## WORK TO COMPLETE
Look through the data below and extract, unchanged, the lines from the one that contains "cyemi_484/1 -> cfblk9/1" to the one that contains "cfblk11 : Delay", both included.

## Records from a data source

********************

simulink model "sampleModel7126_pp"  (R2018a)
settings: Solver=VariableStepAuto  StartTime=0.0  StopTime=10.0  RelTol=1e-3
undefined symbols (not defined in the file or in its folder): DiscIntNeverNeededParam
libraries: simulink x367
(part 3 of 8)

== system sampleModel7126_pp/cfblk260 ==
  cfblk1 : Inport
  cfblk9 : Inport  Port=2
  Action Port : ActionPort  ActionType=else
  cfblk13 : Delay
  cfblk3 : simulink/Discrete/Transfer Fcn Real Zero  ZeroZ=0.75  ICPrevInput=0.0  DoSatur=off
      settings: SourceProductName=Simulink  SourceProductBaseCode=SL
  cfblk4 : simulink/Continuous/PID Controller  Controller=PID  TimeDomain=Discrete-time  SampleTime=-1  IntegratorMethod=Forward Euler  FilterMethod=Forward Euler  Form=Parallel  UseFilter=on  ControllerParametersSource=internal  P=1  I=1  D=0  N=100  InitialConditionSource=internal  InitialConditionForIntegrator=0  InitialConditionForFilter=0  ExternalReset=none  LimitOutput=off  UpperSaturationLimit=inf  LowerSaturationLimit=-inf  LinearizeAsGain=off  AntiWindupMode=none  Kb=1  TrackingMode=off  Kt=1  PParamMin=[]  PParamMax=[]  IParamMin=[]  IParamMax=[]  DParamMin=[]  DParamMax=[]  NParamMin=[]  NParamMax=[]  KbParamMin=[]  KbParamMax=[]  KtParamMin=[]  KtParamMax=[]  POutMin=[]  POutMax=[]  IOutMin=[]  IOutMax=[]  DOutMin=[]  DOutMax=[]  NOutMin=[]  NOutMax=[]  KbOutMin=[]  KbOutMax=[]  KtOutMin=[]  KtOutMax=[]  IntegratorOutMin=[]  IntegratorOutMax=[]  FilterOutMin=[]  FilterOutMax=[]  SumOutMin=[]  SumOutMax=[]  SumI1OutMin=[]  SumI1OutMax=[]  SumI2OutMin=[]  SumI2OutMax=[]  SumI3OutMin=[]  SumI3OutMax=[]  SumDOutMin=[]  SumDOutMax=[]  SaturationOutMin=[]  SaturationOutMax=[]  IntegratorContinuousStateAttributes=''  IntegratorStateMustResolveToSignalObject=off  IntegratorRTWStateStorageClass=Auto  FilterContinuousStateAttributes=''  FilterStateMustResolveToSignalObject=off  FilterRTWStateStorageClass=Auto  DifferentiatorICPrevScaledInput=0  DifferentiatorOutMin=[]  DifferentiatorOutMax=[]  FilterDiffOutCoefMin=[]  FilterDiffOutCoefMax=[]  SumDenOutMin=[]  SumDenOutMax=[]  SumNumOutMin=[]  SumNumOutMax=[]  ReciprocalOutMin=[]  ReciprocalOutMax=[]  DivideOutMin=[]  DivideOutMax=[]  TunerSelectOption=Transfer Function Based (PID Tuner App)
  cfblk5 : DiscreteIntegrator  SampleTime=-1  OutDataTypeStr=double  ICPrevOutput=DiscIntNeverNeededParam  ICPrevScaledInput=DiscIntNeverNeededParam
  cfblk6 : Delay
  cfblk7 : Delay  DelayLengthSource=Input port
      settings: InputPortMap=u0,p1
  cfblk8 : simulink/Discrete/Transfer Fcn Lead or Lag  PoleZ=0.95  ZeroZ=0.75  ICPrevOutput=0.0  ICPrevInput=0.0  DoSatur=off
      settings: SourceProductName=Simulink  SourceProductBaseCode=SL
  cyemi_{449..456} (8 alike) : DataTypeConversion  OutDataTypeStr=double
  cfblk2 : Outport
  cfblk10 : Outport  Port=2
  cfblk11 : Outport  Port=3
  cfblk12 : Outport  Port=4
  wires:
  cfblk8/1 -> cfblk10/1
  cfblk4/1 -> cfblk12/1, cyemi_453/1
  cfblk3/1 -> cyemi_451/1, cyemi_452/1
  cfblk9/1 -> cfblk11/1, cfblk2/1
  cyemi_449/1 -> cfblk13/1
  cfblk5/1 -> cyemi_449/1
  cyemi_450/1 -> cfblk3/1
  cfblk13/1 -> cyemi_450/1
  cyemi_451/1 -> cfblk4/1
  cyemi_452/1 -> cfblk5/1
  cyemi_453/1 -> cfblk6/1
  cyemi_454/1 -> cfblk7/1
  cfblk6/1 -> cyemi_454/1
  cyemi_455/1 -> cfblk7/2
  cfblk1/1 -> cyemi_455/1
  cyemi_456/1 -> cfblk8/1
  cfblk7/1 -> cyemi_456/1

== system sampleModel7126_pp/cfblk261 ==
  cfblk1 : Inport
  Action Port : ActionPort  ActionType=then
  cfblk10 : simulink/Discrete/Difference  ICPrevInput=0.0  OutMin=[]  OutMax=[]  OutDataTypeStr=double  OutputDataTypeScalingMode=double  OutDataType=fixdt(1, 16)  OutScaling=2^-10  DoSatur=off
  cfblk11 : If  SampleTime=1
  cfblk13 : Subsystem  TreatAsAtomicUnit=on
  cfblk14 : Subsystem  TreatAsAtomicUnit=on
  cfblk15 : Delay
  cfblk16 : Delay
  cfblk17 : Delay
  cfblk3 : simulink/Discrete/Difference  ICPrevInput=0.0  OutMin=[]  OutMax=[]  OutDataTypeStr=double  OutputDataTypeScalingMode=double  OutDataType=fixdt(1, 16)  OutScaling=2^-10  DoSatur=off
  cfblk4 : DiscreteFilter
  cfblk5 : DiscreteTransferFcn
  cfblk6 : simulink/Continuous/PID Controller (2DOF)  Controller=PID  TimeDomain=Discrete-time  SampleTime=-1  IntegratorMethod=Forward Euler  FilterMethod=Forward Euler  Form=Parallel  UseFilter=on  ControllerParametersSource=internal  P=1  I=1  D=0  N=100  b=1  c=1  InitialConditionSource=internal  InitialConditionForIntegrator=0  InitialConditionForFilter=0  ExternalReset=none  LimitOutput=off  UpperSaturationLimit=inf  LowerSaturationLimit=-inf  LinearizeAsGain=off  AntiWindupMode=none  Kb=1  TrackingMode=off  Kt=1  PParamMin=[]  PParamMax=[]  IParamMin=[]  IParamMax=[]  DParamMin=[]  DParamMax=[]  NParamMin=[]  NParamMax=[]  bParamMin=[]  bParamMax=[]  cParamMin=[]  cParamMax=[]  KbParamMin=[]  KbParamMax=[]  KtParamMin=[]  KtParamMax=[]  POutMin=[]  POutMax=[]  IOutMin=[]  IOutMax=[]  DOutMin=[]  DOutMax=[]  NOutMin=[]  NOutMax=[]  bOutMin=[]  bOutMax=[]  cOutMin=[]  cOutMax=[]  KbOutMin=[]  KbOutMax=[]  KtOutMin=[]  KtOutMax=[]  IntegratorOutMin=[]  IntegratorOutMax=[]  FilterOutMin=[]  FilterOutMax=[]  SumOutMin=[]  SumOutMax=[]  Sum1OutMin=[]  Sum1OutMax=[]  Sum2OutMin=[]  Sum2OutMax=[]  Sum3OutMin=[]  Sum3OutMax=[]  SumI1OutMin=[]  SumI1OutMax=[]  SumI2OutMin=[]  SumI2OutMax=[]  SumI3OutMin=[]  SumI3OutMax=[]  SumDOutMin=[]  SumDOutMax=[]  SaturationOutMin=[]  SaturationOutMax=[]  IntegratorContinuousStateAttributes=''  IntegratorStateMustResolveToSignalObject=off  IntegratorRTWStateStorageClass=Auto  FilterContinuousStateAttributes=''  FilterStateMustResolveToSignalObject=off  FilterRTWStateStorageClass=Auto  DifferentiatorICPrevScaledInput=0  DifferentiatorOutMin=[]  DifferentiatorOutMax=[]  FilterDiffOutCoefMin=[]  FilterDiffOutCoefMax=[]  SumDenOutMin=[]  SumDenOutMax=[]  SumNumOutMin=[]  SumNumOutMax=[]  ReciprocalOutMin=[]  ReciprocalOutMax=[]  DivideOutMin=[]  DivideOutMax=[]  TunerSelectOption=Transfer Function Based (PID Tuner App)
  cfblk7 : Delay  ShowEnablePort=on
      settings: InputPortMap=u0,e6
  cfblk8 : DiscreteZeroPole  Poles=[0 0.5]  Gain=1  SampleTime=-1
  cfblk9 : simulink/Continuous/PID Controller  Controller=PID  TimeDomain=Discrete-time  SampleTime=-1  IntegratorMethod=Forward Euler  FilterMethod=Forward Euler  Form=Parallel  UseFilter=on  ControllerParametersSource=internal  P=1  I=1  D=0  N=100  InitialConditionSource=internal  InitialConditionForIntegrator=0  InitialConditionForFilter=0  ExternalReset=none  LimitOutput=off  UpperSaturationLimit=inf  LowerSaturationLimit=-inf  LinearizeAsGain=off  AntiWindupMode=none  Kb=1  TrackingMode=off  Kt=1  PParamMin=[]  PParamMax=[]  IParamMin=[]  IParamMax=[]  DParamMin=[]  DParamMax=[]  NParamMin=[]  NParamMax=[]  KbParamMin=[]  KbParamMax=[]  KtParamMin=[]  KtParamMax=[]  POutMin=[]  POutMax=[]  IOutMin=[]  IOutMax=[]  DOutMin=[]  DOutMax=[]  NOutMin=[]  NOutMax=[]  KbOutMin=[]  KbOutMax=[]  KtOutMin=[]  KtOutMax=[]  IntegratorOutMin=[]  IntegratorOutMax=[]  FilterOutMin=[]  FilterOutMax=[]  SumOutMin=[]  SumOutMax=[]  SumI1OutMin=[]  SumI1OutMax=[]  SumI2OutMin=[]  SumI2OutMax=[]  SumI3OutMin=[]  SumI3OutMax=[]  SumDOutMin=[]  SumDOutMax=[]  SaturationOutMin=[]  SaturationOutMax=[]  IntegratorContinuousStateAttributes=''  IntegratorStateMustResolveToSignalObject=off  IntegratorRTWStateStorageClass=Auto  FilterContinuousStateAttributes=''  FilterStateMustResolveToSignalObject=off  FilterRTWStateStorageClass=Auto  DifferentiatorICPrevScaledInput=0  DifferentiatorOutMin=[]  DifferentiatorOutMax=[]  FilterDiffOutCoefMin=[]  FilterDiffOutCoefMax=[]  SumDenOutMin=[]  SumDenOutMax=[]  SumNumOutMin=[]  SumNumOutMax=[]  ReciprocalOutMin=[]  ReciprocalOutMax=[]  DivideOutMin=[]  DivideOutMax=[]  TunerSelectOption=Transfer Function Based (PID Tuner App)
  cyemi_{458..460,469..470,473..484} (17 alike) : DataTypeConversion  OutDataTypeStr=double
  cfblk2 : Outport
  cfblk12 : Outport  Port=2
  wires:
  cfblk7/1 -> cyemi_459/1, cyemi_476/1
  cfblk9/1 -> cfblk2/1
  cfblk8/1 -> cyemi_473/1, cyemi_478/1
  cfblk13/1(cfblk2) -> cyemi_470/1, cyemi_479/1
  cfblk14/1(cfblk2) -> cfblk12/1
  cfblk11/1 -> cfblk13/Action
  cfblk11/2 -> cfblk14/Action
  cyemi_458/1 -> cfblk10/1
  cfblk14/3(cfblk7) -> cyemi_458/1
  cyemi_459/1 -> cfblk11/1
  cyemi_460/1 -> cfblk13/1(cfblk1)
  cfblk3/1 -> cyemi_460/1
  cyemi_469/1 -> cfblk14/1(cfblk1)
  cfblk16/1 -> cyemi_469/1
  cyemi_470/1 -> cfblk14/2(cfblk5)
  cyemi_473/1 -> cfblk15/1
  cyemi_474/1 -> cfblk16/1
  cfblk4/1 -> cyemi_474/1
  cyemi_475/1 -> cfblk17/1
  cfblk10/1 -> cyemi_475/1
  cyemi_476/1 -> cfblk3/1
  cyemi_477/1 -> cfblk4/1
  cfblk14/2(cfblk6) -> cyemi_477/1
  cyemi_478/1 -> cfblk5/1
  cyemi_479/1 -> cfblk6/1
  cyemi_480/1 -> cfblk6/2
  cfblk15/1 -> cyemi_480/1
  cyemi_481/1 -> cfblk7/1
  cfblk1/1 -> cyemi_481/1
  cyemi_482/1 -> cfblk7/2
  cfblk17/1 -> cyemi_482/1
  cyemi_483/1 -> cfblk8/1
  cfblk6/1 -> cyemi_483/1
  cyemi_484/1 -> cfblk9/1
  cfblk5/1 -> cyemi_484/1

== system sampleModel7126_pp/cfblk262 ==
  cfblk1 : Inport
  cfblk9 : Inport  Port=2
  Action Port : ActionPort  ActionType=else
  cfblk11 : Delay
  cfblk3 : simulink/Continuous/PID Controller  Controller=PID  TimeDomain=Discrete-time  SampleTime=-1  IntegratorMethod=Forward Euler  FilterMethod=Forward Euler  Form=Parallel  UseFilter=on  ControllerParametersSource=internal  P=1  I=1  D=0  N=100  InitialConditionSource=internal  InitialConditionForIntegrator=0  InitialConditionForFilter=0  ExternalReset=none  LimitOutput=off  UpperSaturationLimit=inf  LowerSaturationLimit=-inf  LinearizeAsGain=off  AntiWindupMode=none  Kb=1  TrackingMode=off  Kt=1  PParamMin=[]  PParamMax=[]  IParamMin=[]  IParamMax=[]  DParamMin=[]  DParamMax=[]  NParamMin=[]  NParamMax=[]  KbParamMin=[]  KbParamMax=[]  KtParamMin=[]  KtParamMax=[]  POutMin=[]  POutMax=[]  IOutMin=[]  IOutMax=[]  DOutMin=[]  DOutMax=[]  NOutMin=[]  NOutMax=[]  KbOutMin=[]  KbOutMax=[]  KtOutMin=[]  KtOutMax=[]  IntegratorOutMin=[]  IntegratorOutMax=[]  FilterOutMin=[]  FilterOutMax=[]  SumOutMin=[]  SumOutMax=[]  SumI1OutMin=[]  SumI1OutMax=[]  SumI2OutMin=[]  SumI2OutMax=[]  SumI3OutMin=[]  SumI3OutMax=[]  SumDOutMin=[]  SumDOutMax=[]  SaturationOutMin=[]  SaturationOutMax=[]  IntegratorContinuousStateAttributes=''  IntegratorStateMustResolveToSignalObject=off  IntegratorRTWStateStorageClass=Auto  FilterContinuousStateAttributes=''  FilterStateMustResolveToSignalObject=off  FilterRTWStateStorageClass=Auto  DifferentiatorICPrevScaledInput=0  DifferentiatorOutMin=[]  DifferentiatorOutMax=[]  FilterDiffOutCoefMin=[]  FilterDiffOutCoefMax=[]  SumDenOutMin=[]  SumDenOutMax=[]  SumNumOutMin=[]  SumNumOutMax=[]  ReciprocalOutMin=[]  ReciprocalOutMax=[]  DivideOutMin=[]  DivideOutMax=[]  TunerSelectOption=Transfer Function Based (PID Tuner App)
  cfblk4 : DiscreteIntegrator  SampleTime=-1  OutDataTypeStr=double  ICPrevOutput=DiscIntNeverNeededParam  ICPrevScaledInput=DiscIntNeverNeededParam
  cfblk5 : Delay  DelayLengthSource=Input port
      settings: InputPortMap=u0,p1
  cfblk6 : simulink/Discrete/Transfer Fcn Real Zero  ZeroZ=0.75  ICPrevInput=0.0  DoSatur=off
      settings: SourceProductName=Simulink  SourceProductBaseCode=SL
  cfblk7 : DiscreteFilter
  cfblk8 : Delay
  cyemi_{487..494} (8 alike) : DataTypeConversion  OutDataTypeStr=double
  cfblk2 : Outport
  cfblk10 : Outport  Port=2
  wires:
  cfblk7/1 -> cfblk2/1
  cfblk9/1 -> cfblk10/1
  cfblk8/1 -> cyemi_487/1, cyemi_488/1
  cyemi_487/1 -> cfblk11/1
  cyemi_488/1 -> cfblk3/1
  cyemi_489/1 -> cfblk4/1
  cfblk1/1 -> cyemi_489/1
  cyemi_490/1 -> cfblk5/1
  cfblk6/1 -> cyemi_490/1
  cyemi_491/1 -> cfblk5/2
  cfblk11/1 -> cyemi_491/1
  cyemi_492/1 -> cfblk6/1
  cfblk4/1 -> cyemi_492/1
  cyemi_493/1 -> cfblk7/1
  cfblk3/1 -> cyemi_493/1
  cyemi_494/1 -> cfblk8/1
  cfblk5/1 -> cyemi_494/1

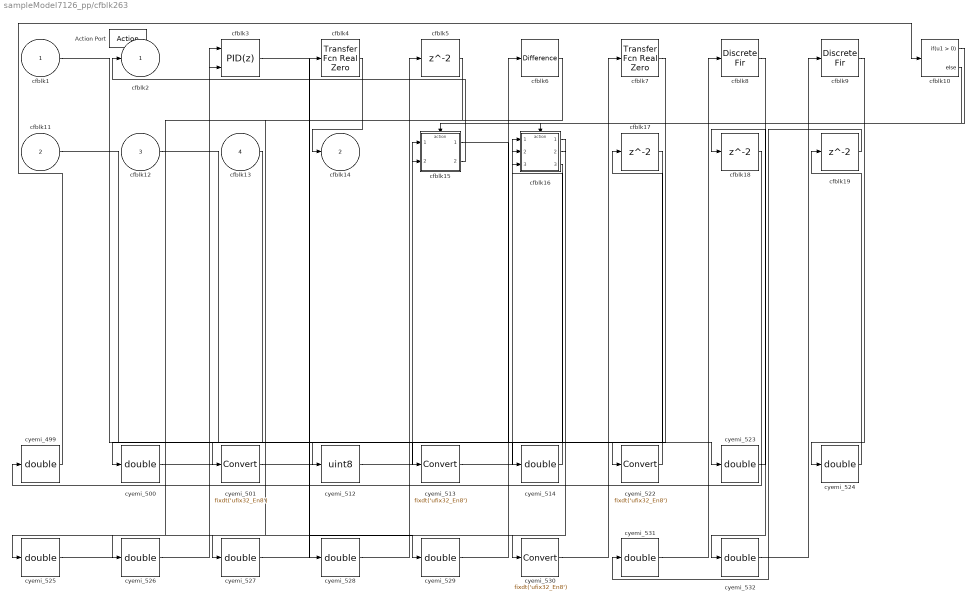
== system sampleModel7126_pp/cfblk263 ==
  cfblk1 : Inport
  cfblk11 : Inport  Port=2
  cfblk12 : Inport  Port=3
  cfblk13 : Inport  Port=4
  Action Port : ActionPort  ActionType=then
  cfblk10 : If  SampleTime=1
  cfblk15 : Subsystem  TreatAsAtomicUnit=on
  cfblk16 : Subsystem  TreatAsAtomicUnit=on
  cfblk{5,17..19} (4 alike) : Delay
  cfblk3 : simulink/Continuous/PID Controller (2DOF)  Controller=PID  TimeDomain=Discrete-time  SampleTime=-1  IntegratorMethod=Forward Euler  FilterMethod=Forward Euler  Form=Parallel  UseFilter=on  ControllerParametersSource=internal  P=1  I=1  D=0  N=100  b=1  c=1  InitialConditionSource=internal  InitialConditionForIntegrator=0  InitialConditionForFilter=0  ExternalReset=none  LimitOutput=off  UpperSaturationLimit=inf  LowerSaturationLimit=-inf  LinearizeAsGain=off  AntiWindupMode=none  Kb=1  TrackingMode=off  Kt=1  PParamMin=[]  PParamMax=[]  IParamMin=[]  IParamMax=[]  DParamMin=[]  DParamMax=[]  NParamMin=[]  NParamMax=[]  bParamMin=[]  bParamMax=[]  cParamMin=[]  cParamMax=[]  KbParamMin=[]  KbParamMax=[]  KtParamMin=[]  KtParamMax=[]  POutMin=[]  POutMax=[]  IOutMin=[]  IOutMax=[]  DOutMin=[]  DOutMax=[]  NOutMin=[]  NOutMax=[]  bOutMin=[]  bOutMax=[]  cOutMin=[]  cOutMax=[]  KbOutMin=[]  KbOutMax=[]  KtOutMin=[]  KtOutMax=[]  IntegratorOutMin=[]  IntegratorOutMax=[]  FilterOutMin=[]  FilterOutMax=[]  SumOutMin=[]  SumOutMax=[]  Sum1OutMin=[]  Sum1OutMax=[]  Sum2OutMin=[]  Sum2OutMax=[]  Sum3OutMin=[]  Sum3OutMax=[]  SumI1OutMin=[]  SumI1OutMax=[]  SumI2OutMin=[]  SumI2OutMax=[]  SumI3OutMin=[]  SumI3OutMax=[]  SumDOutMin=[]  SumDOutMax=[]  SaturationOutMin=[]  SaturationOutMax=[]  IntegratorContinuousStateAttributes=''  IntegratorStateMustResolveToSignalObject=off  IntegratorRTWStateStorageClass=Auto  FilterContinuousStateAttributes=''  FilterStateMustResolveToSignalObject=off  FilterRTWStateStorageClass=Auto  DifferentiatorICPrevScaledInput=0  DifferentiatorOutMin=[]  DifferentiatorOutMax=[]  FilterDiffOutCoefMin=[]  FilterDiffOutCoefMax=[]  SumDenOutMin=[]  SumDenOutMax=[]  SumNumOutMin=[]  SumNumOutMax=[]  ReciprocalOutMin=[]  ReciprocalOutMax=[]  DivideOutMin=[]  DivideOutMax=[]  TunerSelectOption=Transfer Function Based (PID Tuner App)
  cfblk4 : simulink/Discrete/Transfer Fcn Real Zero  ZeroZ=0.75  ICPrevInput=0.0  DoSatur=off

********************

## ANSWER FOR THE TASK
  cyemi_484/1 -> cfblk9/1
  cfblk5/1 -> cyemi_484/1

== system sampleModel7126_pp/cfblk262 ==
  cfblk1 : Inport
  cfblk9 : Inport  Port=2
  Action Port : ActionPort  ActionType=else
  cfblk11 : Delay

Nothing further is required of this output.